• _Records provided_:
# # #
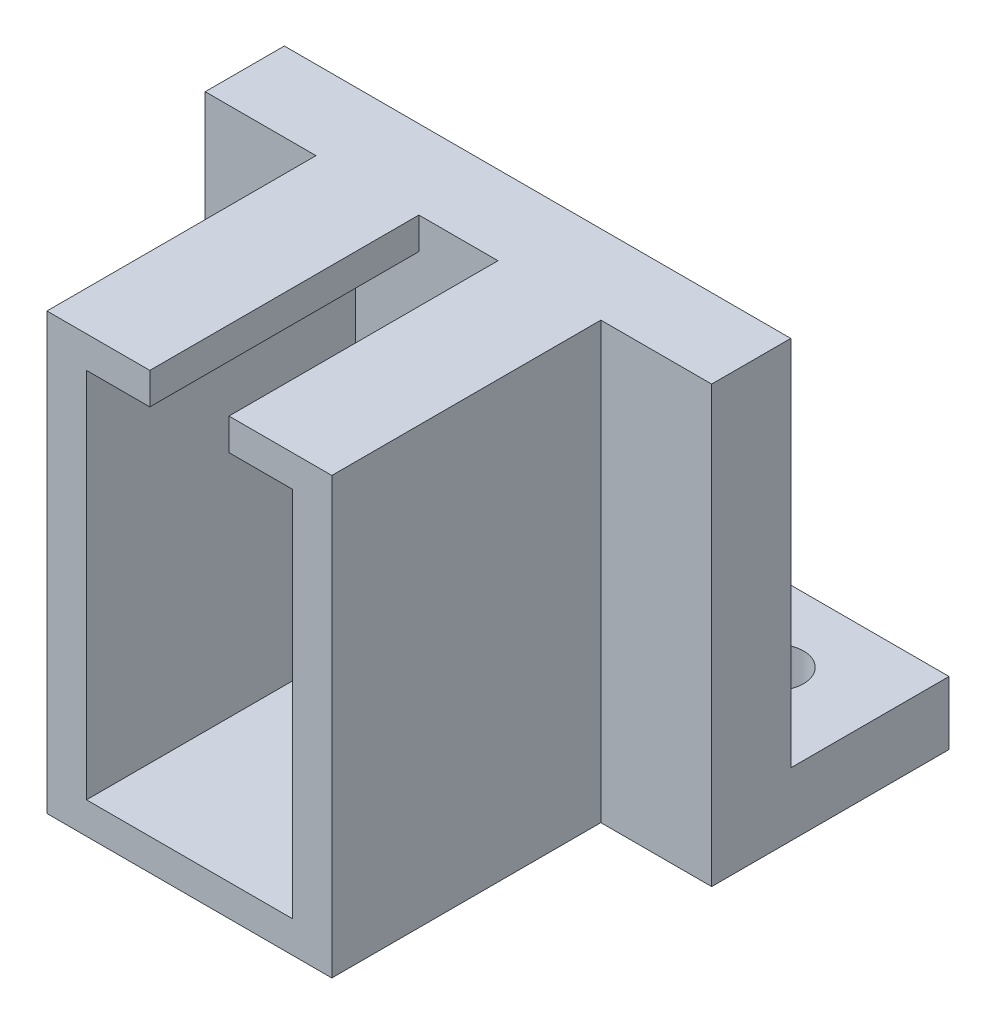
ISO-10303-21;
HEADER;
FILE_DESCRIPTION(('STEP AP214'),'2;1');
FILE_NAME('part.step','',(''),(''),'','','');
FILE_SCHEMA(('AUTOMOTIVE_DESIGN { 1 0 10303 214 1 1 1 1 }'));
ENDSEC;
DATA;
#1=APPLICATION_CONTEXT('core data for automotive mechanical design processes');
#2=APPLICATION_PROTOCOL_DEFINITION('international standard','automotive_design',2000,#1);
#3=PRODUCT_CONTEXT('',#1,'mechanical');
#4=PRODUCT('Part','Part','',(#3));
#5=PRODUCT_RELATED_PRODUCT_CATEGORY('part','',(#4));
#6=PRODUCT_DEFINITION_FORMATION('','',#4);
#7=PRODUCT_DEFINITION_CONTEXT('part definition',#1,'design');
#8=PRODUCT_DEFINITION('design','',#6,#7);
#9=PRODUCT_DEFINITION_SHAPE('','',#8);
#10=(LENGTH_UNIT() NAMED_UNIT(*) SI_UNIT(.MILLI.,.METRE.));
#11=(NAMED_UNIT(*) PLANE_ANGLE_UNIT() SI_UNIT($,.RADIAN.));
#12=(NAMED_UNIT(*) SI_UNIT($,.STERADIAN.) SOLID_ANGLE_UNIT());
#13=UNCERTAINTY_MEASURE_WITH_UNIT(LENGTH_MEASURE(1.E-05),#10,'distance_accuracy_value','');
#14=(GEOMETRIC_REPRESENTATION_CONTEXT(3) GLOBAL_UNCERTAINTY_ASSIGNED_CONTEXT((#13)) GLOBAL_UNIT_ASSIGNED_CONTEXT((#10,
#11,#12)) REPRESENTATION_CONTEXT('',''));
#15=CARTESIAN_POINT('',(0.,0.,0.));
#16=DIRECTION('',(0.,0.,1.));
#17=DIRECTION('',(1.,0.,0.));
#18=AXIS2_PLACEMENT_3D('',#15,#16,#17);
#19=CARTESIAN_POINT('',(0.,4.,5.));
#20=DIRECTION('',(0.,0.,-1.));
#21=DIRECTION('',(-1.,0.,0.));
#22=AXIS2_PLACEMENT_3D('',#19,#20,#21);
#23=PLANE('',#22);
#24=DIRECTION('',(0.,1.,0.));
#25=VECTOR('',#24,1.);
#26=CARTESIAN_POINT('',(9.,0.,5.));
#27=LINE('',#26,#25);
#28=CARTESIAN_POINT('',(9.,0.,5.));
#29=VERTEX_POINT('',#28);
#30=CARTESIAN_POINT('',(9.,27.5,5.));
#31=VERTEX_POINT('',#30);
#32=EDGE_CURVE('E192',#29,#31,#27,.T.);
#33=ORIENTED_EDGE('',*,*,#32,.F.);
#34=DIRECTION('',(1.,0.,0.));
#35=VECTOR('',#34,1.);
#36=CARTESIAN_POINT('',(0.,0.,5.));
#37=LINE('',#36,#35);
#38=CARTESIAN_POINT('',(16.,0.,5.));
#39=VERTEX_POINT('',#38);
#40=EDGE_CURVE('E294',#29,#39,#37,.T.);
#41=ORIENTED_EDGE('',*,*,#40,.T.);
#42=DIRECTION('',(0.,-1.,0.));
#43=VECTOR('',#42,1.);
#44=CARTESIAN_POINT('',(16.,4.,5.));
#45=LINE('',#44,#43);
#46=CARTESIAN_POINT('',(16.,27.5,5.));
#47=VERTEX_POINT('',#46);
#48=EDGE_CURVE('E300',#47,#39,#45,.T.);
#49=ORIENTED_EDGE('',*,*,#48,.F.);
#50=DIRECTION('',(-1.,0.,0.));
#51=VECTOR('',#50,1.);
#52=CARTESIAN_POINT('',(0.,27.5,5.));
#53=LINE('',#52,#51);
#54=EDGE_CURVE('E266',#47,#31,#53,.T.);
#55=ORIENTED_EDGE('',*,*,#54,.T.);
#56=EDGE_LOOP('',(#33,#41,#49,#55));
#57=FACE_BOUND('',#56,.T.);
#58=ADVANCED_FACE('F41',(#57),#23,.F.);
#59=CARTESIAN_POINT('',(-16.,0.,5.));
#60=VERTEX_POINT('',#59);
#61=CARTESIAN_POINT('',(-9.,0.,5.));
#62=VERTEX_POINT('',#61);
#63=EDGE_CURVE('E295',#60,#62,#37,.T.);
#64=ORIENTED_EDGE('',*,*,#63,.T.);
#65=DIRECTION('',(0.,1.,0.));
#66=VECTOR('',#65,1.);
#67=CARTESIAN_POINT('',(-9.,0.,5.));
#68=LINE('',#67,#66);
#69=CARTESIAN_POINT('',(-9.,27.5,5.));
#70=VERTEX_POINT('',#69);
#71=EDGE_CURVE('E195',#62,#70,#68,.T.);
#72=ORIENTED_EDGE('',*,*,#71,.T.);
#73=CARTESIAN_POINT('',(-16.,27.5,5.));
#74=VERTEX_POINT('',#73);
#75=EDGE_CURVE('E265',#70,#74,#53,.T.);
#76=ORIENTED_EDGE('',*,*,#75,.T.);
#77=DIRECTION('',(0.,-1.,0.));
#78=VECTOR('',#77,1.);
#79=CARTESIAN_POINT('',(-16.,4.,5.));
#80=LINE('',#79,#78);
#81=EDGE_CURVE('E50',#74,#60,#80,.T.);
#82=ORIENTED_EDGE('',*,*,#81,.T.);
#83=EDGE_LOOP('',(#64,#72,#76,#82));
#84=FACE_BOUND('',#83,.T.);
#85=ADVANCED_FACE('F307',(#84),#23,.F.);
#86=CARTESIAN_POINT('',(0.,4.,-10.));
#87=DIRECTION('',(0.,0.,1.));
#88=DIRECTION('',(1.,0.,0.));
#89=AXIS2_PLACEMENT_3D('',#86,#87,#88);
#90=PLANE('',#89);
#91=DIRECTION('',(-1.,0.,0.));
#92=VECTOR('',#91,1.);
#93=CARTESIAN_POINT('',(0.,0.,-10.));
#94=LINE('',#93,#92);
#95=CARTESIAN_POINT('',(16.,0.,-10.));
#96=VERTEX_POINT('',#95);
#97=CARTESIAN_POINT('',(-16.,0.,-10.));
#98=VERTEX_POINT('',#97);
#99=EDGE_CURVE('E280',#96,#98,#94,.T.);
#100=ORIENTED_EDGE('',*,*,#99,.T.);
#101=DIRECTION('',(0.,-1.,0.));
#102=VECTOR('',#101,1.);
#103=CARTESIAN_POINT('',(-16.,4.,-10.));
#104=LINE('',#103,#102);
#105=CARTESIAN_POINT('',(-16.,4.,-10.));
#106=VERTEX_POINT('',#105);
#107=EDGE_CURVE('E11',#106,#98,#104,.T.);
#108=ORIENTED_EDGE('',*,*,#107,.F.);
#109=DIRECTION('',(-1.,0.,0.));
#110=VECTOR('',#109,1.);
#111=CARTESIAN_POINT('',(0.,4.,-10.));
#112=LINE('',#111,#110);
#113=CARTESIAN_POINT('',(16.,4.,-10.));
#114=VERTEX_POINT('',#113);
#115=EDGE_CURVE('E281',#114,#106,#112,.T.);
#116=ORIENTED_EDGE('',*,*,#115,.F.);
#117=DIRECTION('',(0.,-1.,0.));
#118=VECTOR('',#117,1.);
#119=CARTESIAN_POINT('',(16.,4.,-10.));
#120=LINE('',#119,#118);
#121=EDGE_CURVE('E289',#114,#96,#120,.T.);
#122=ORIENTED_EDGE('',*,*,#121,.T.);
#123=EDGE_LOOP('',(#100,#108,#116,#122));
#124=FACE_BOUND('',#123,.T.);
#125=ADVANCED_FACE('F43',(#124),#90,.F.);
#126=CARTESIAN_POINT('',(-16.,4.,0.));
#127=DIRECTION('',(1.,0.,0.));
#128=DIRECTION('',(0.,0.,-1.));
#129=AXIS2_PLACEMENT_3D('',#126,#127,#128);
#130=PLANE('',#129);
#131=DIRECTION('',(0.,0.,1.));
#132=VECTOR('',#131,1.);
#133=CARTESIAN_POINT('',(-16.,0.,0.));
#134=LINE('',#133,#132);
#135=EDGE_CURVE('E292',#98,#60,#134,.T.);
#136=ORIENTED_EDGE('',*,*,#135,.T.);
#137=ORIENTED_EDGE('',*,*,#81,.F.);
#138=DIRECTION('',(0.,0.,-1.));
#139=VECTOR('',#138,1.);
#140=CARTESIAN_POINT('',(-16.,27.5,0.));
#141=LINE('',#140,#139);
#142=CARTESIAN_POINT('',(-16.,27.5,0.));
#143=VERTEX_POINT('',#142);
#144=EDGE_CURVE('E262',#74,#143,#141,.T.);
#145=ORIENTED_EDGE('',*,*,#144,.T.);
#146=DIRECTION('',(0.,-1.,0.));
#147=VECTOR('',#146,1.);
#148=CARTESIAN_POINT('',(-16.,27.5,0.));
#149=LINE('',#148,#147);
#150=CARTESIAN_POINT('',(-16.,4.,0.));
#151=VERTEX_POINT('',#150);
#152=EDGE_CURVE('E277',#143,#151,#149,.T.);
#153=ORIENTED_EDGE('',*,*,#152,.T.);
#154=DIRECTION('',(0.,0.,1.));
#155=VECTOR('',#154,1.);
#156=CARTESIAN_POINT('',(-16.,4.,0.));
#157=LINE('',#156,#155);
#158=EDGE_CURVE('E284',#106,#151,#157,.T.);
#159=ORIENTED_EDGE('',*,*,#158,.F.);
#160=ORIENTED_EDGE('',*,*,#107,.T.);
#161=EDGE_LOOP('',(#136,#137,#145,#153,#159,#160));
#162=FACE_BOUND('',#161,.T.);
#163=ADVANCED_FACE('F361',(#162),#130,.F.);
#164=DIRECTION('',(1.,0.,0.));
#165=VECTOR('',#164,1.);
#166=CARTESIAN_POINT('',(0.,25.5,5.));
#167=LINE('',#166,#165);
#168=CARTESIAN_POINT('',(2.5,25.5,5.));
#169=VERTEX_POINT('',#168);
#170=CARTESIAN_POINT('',(6.5,25.5,5.));
#171=VERTEX_POINT('',#170);
#172=EDGE_CURVE('E221',#169,#171,#167,.T.);
#173=ORIENTED_EDGE('',*,*,#172,.F.);
#174=DIRECTION('',(0.,1.,0.));
#175=VECTOR('',#174,1.);
#176=CARTESIAN_POINT('',(2.49999999999999,0.,5.));
#177=LINE('',#176,#175);
#178=CARTESIAN_POINT('',(2.5,27.5,5.));
#179=VERTEX_POINT('',#178);
#180=EDGE_CURVE('E173',#169,#179,#177,.T.);
#181=ORIENTED_EDGE('',*,*,#180,.T.);
#182=CARTESIAN_POINT('',(-2.5,27.5,5.));
#183=VERTEX_POINT('',#182);
#184=EDGE_CURVE('E269',#179,#183,#53,.T.);
#185=ORIENTED_EDGE('',*,*,#184,.T.);
#186=DIRECTION('',(0.,-1.,0.));
#187=VECTOR('',#186,1.);
#188=CARTESIAN_POINT('',(-2.49999999999999,0.,5.));
#189=LINE('',#188,#187);
#190=CARTESIAN_POINT('',(-2.5,25.5,5.));
#191=VERTEX_POINT('',#190);
#192=EDGE_CURVE('E57',#183,#191,#189,.T.);
#193=ORIENTED_EDGE('',*,*,#192,.T.);
#194=CARTESIAN_POINT('',(-6.5,25.5,5.));
#195=VERTEX_POINT('',#194);
#196=EDGE_CURVE('E62',#195,#191,#167,.T.);
#197=ORIENTED_EDGE('',*,*,#196,.F.);
#198=DIRECTION('',(0.,-1.,0.));
#199=VECTOR('',#198,1.);
#200=CARTESIAN_POINT('',(-6.5,0.,5.));
#201=LINE('',#200,#199);
#202=CARTESIAN_POINT('',(-6.5,2.,5.));
#203=VERTEX_POINT('',#202);
#204=EDGE_CURVE('E228',#195,#203,#201,.T.);
#205=ORIENTED_EDGE('',*,*,#204,.T.);
#206=DIRECTION('',(1.,0.,0.));
#207=VECTOR('',#206,1.);
#208=CARTESIAN_POINT('',(0.,2.,5.));
#209=LINE('',#208,#207);
#210=CARTESIAN_POINT('',(6.5,2.,5.));
#211=VERTEX_POINT('',#210);
#212=EDGE_CURVE('E226',#203,#211,#209,.T.);
#213=ORIENTED_EDGE('',*,*,#212,.T.);
#214=DIRECTION('',(0.,-1.,0.));
#215=VECTOR('',#214,1.);
#216=CARTESIAN_POINT('',(6.5,0.,5.));
#217=LINE('',#216,#215);
#218=EDGE_CURVE('E223',#171,#211,#217,.T.);
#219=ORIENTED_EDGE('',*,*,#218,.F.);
# # #
• _What the task asks_:
Above are the records. How many of their lines hold "mechanical"? Answer with the number alone.

• _Answer for this exercise_:
2